Dianne Graves . In the Midst of Alarms: The Untold Story of Women and the War of 1812. Montreal: Robin Brass Studio, 2007. xv +496.; ill. ISBN 1-8969-4152-4.
D. J. Walker . Spanish Women and the Colonial Wars of the 1890s. Baton Rouge: Louisiana State University Press, 2008. ix+149 pp.; ill. ISBN 0-8071-3298-5.
Suzanne Evans . Mothers of Heroes, Mothers of Martyrs: World War I and the Politics of Grief. Montreal & Kingston: McGill-Queen's University Press, 2007. xii +211 pp.; ill. ISBN 0-7735-3188-2.
Erika Kuhlman . Reconstructing Patriarchy after the Great War: Women, Gender and Postwar Reconciliation between Nations. New York: Palgrave Macmillan, 2008. xiv +246 pp.; ill. ISBN 0-2306-0281-9.
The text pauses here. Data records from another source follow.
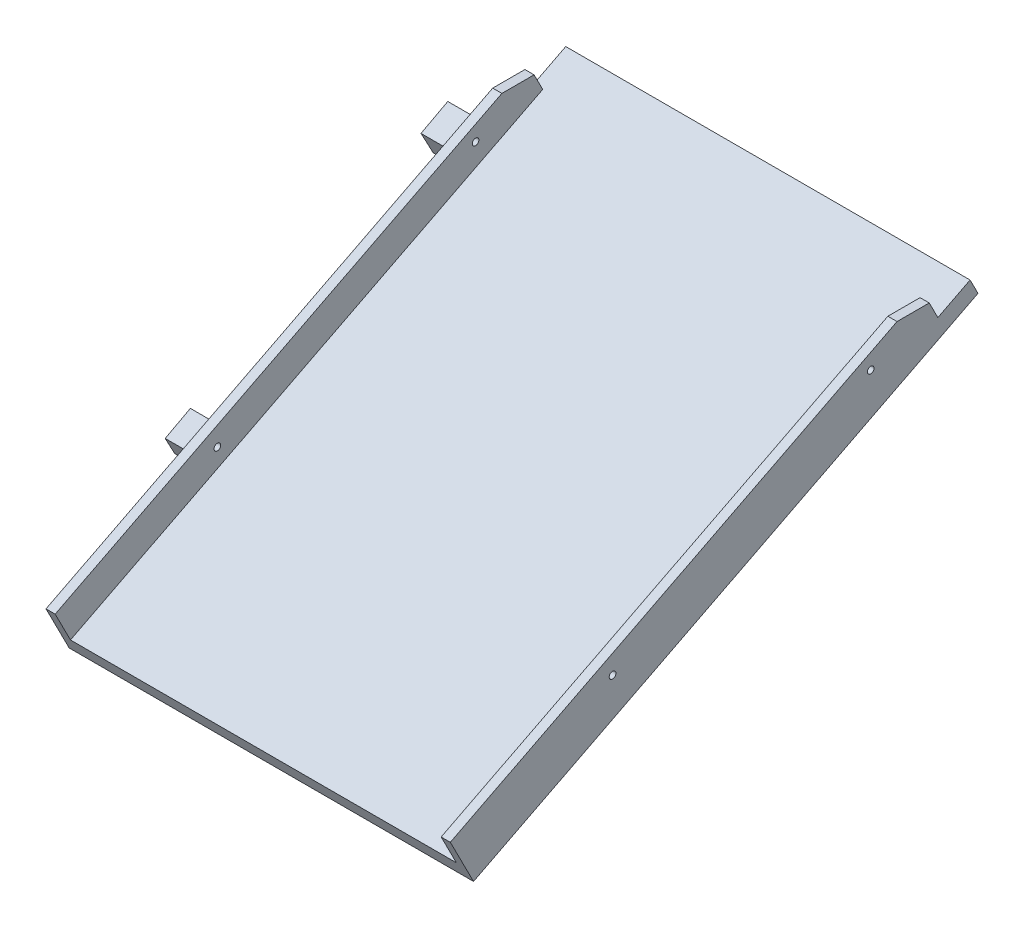
from build123d import *

# Parameters (mm, degrees)
BOSS_EXTRUDE1_DEPTH     = 1321.809345804
BOSS_EXTRUDE2_DEPTH     = 110
BOSS_EXTRUDE4_DEPTH     = 80
CUT_EXTRUDE1_DEPTH      = 390
CUT_EXTRUDE1_DEPTH_BACK = 1710
SKETCH4_R               = 10.935754795
SKETCH4_R_2             = 10.805085865
CUT_EXTRUDE2_DEPTH      = 10
CUT_EXTRUDE2_DEPTH_BACK = 1600
CUT_EXTRUDE3_DEPTH      = 1600
CUT_EXTRUDE3_DEPTH_BACK = 1800
SKETCH7_W               = 1261.809345804
SKETCH7_H               = 148.826585301


with BuildPart() as part:
    # Sketch1 → Boss-Extrude1 (new body)
    with BuildSketch(Plane(origin=(0, 0, 0), x_dir=(0, 0, -1), z_dir=(1, 0, 0))):
        Polygon((0, 0), (1214.174590511, 618.652853995), (1188.297132026, 669.440225874), (-25.877458485, 50.787371879), (-460.955944246, -170.896189144), (-435.078485761, -221.683561023), align=None)
    extrude(amount=-BOSS_EXTRUDE1_DEPTH)

    # Sketch2 → Boss-Extrude2 (add)
    with BuildSketch(Plane(origin=(0, 50.787371879, 25.877458485), x_dir=(1, 0, 0), z_dir=(0, 0.8910065241883673, 0.453990499739548))):
        Polygon((0, 0), (0, -488.3), (-67.842597561, -488.3), (-67.842597561, 0), (-67.842597561, 1244.513029496), (0, 1244.513029496), align=None)
        Polygon((-1321.809345804, 0), (-1321.809345804, 1244.513029496), (-1253.966748243, 1244.513029496), (-1253.966748243, 0), (-1253.966748243, -488.3), (-1321.809345804, -488.3), align=None)
    extrude(amount=BOSS_EXTRUDE2_DEPTH)

    # Sketch3 → Boss-Extrude4 (add)
    with BuildSketch(Plane.ZY.offset(1321.809345804)):
        Polygon((-882.563635412, 626.858827585), (-795.042959323, 580.236826077), (-834.961493519, 505.300165527), (-922.482169607, 551.922167035), align=None)
        Polygon((-41.133790816, 178.631674443), (41.227375134, 134.758128502), (9.982813434, 76.104594213), (-72.378352516, 119.978140155), align=None)
    extrude(amount=BOSS_EXTRUDE4_DEPTH)

    # Sketch4 → Cut-Extrude1 (cut, two sides: drawn at the far end of the back side and taken through both)
    with BuildSketch(Plane(origin=(0, 0, 0), x_dir=(0, 0, -1), z_dir=(1, 0, 0)).offset(-CUT_EXTRUDE1_DEPTH_BACK)):
        with Locations(Location((19.453016292, 135.017213441, 0), (0, 0, 180))):
            Circle(SKETCH4_R)
        with Locations(Location((863.462816879, 576.936245259, 0), (0, 0, 180))):
            Circle(SKETCH4_R_2)
    extrude(amount=CUT_EXTRUDE1_DEPTH + CUT_EXTRUDE1_DEPTH_BACK, mode=Mode.SUBTRACT)

    # Sketch5 → Cut-Extrude2 (cut, two sides: drawn at the far end of the back side and taken through both)
    with BuildSketch(Plane(origin=(0, 0, 0), x_dir=(0, 0, -1), z_dir=(1, 0, 0)).offset(-CUT_EXTRUDE2_DEPTH_BACK)):
        Polygon((1033.052815262, 713.795181733), (1054.736624804, 671.238309325), (949.530250393, 671.238309325), align=None)
    extrude(amount=CUT_EXTRUDE2_DEPTH + CUT_EXTRUDE2_DEPTH_BACK, mode=Mode.SUBTRACT)

    # Sketch7 → Cut-Extrude3 (cut, two sides: drawn at the far end of the back side and taken through both)
    with BuildSketch(Plane(origin=(0, -221.683561023, 435.078485761), x_dir=(1, 0, 0), z_dir=(0, -0.453990499739547, 0.8910065241883678)).offset(-CUT_EXTRUDE3_DEPTH_BACK)):
        with Locations((-660.904672902, 131.413292651)):
            Rectangle(SKETCH7_W, SKETCH7_H)
    extrude(amount=CUT_EXTRUDE3_DEPTH + CUT_EXTRUDE3_DEPTH_BACK, mode=Mode.SUBTRACT)


solid = part.part

Thirty years ago and more, historians of women began to reexamine the history of warfare and the state with questions about women in mind. Their work provided a strong foundation for subsequent generations of historians of women and gender who have expanded the field and developed new theoretical approaches. Five recent books affirm the vitality and theoretical importance of this area of inquiry and analysis and highlight the ongoing stages in the writing of the history of women and war.

Joe A. Mobley's Weary of War: Life on the Confederate Home Front is part of Praeger's Reflections on the Civil War Era series. Mobley, a former historian with the North Carolina Office of Archives and History who now teaches history at North Carolina State University, Raleigh, wrote the book as a "fresh look at life on the Confederate home front for the general reader and the new student of the American Civil War." (xiii) Mobley's purpose is to provide an introductory synthesis on the wartime Confederacy and those living within and escaping its boundaries; he has incorporated women's experiences throughout the narrative and has made them the center of his [End Page 183] study of wartime marriage and family life in the region. Mobley relies on the work of several generations of historians of women and the US Civil War, from Mary Elizabeth Massey to Bell Irvin Wiley to Drew Gilpin Faust, and utilizes materials from important scholarly anthologies including those edited by Catherine Clinton. He also brings the voices of women to his narrative directly by drawing from their diaries, letters, and reminiscences.

The result is that this popular history of the Confederate home front contains many details about the lives of women across topical chapters. In his chapter on medical issues and the Confederacy, for example, Mobley includes information on white women such as Kate Cummins, a volunteer nurse, and Sally Tompkins, who operated a Richmond hospital. His analysis of the Mississippi smallpox epidemic of 1863-1864 situates African American women and children who were particularly affected. Other chapters contain similar coverage. Working-class women found opportunities in new wartime industries but also danger and death in munitions plants. Their successful December 1863 strike at the Confederate States Laboratory in Richmond is a part of his narrative on wartime labor issues. Due to the shortage of male white collar workers, white women found work in the Confederate bureaucracy, including the Treasury Department, War Department, and office of the Quartermaster. A female clerk could make sixty-five dollars per month as compared to the eleven dollars an army private earned. Female colleges and academies were on the rise at the outbreak of war, and more were chartered in the South than the North during the conflict. White women became teachers in Confederate public and private schools in meaningful numbers (from 7.5 percent to forty percent in North Carolina public schools, for example) as male teachers went to war. And female teachers, African American and white, came to occupied Southern territory as part of the work of Northern abolitionist and reform societies, including black abolitionist Charlotte Forten. Mobley recounts the ways that white women tried to cope with wartime shortages, poverty, and danger...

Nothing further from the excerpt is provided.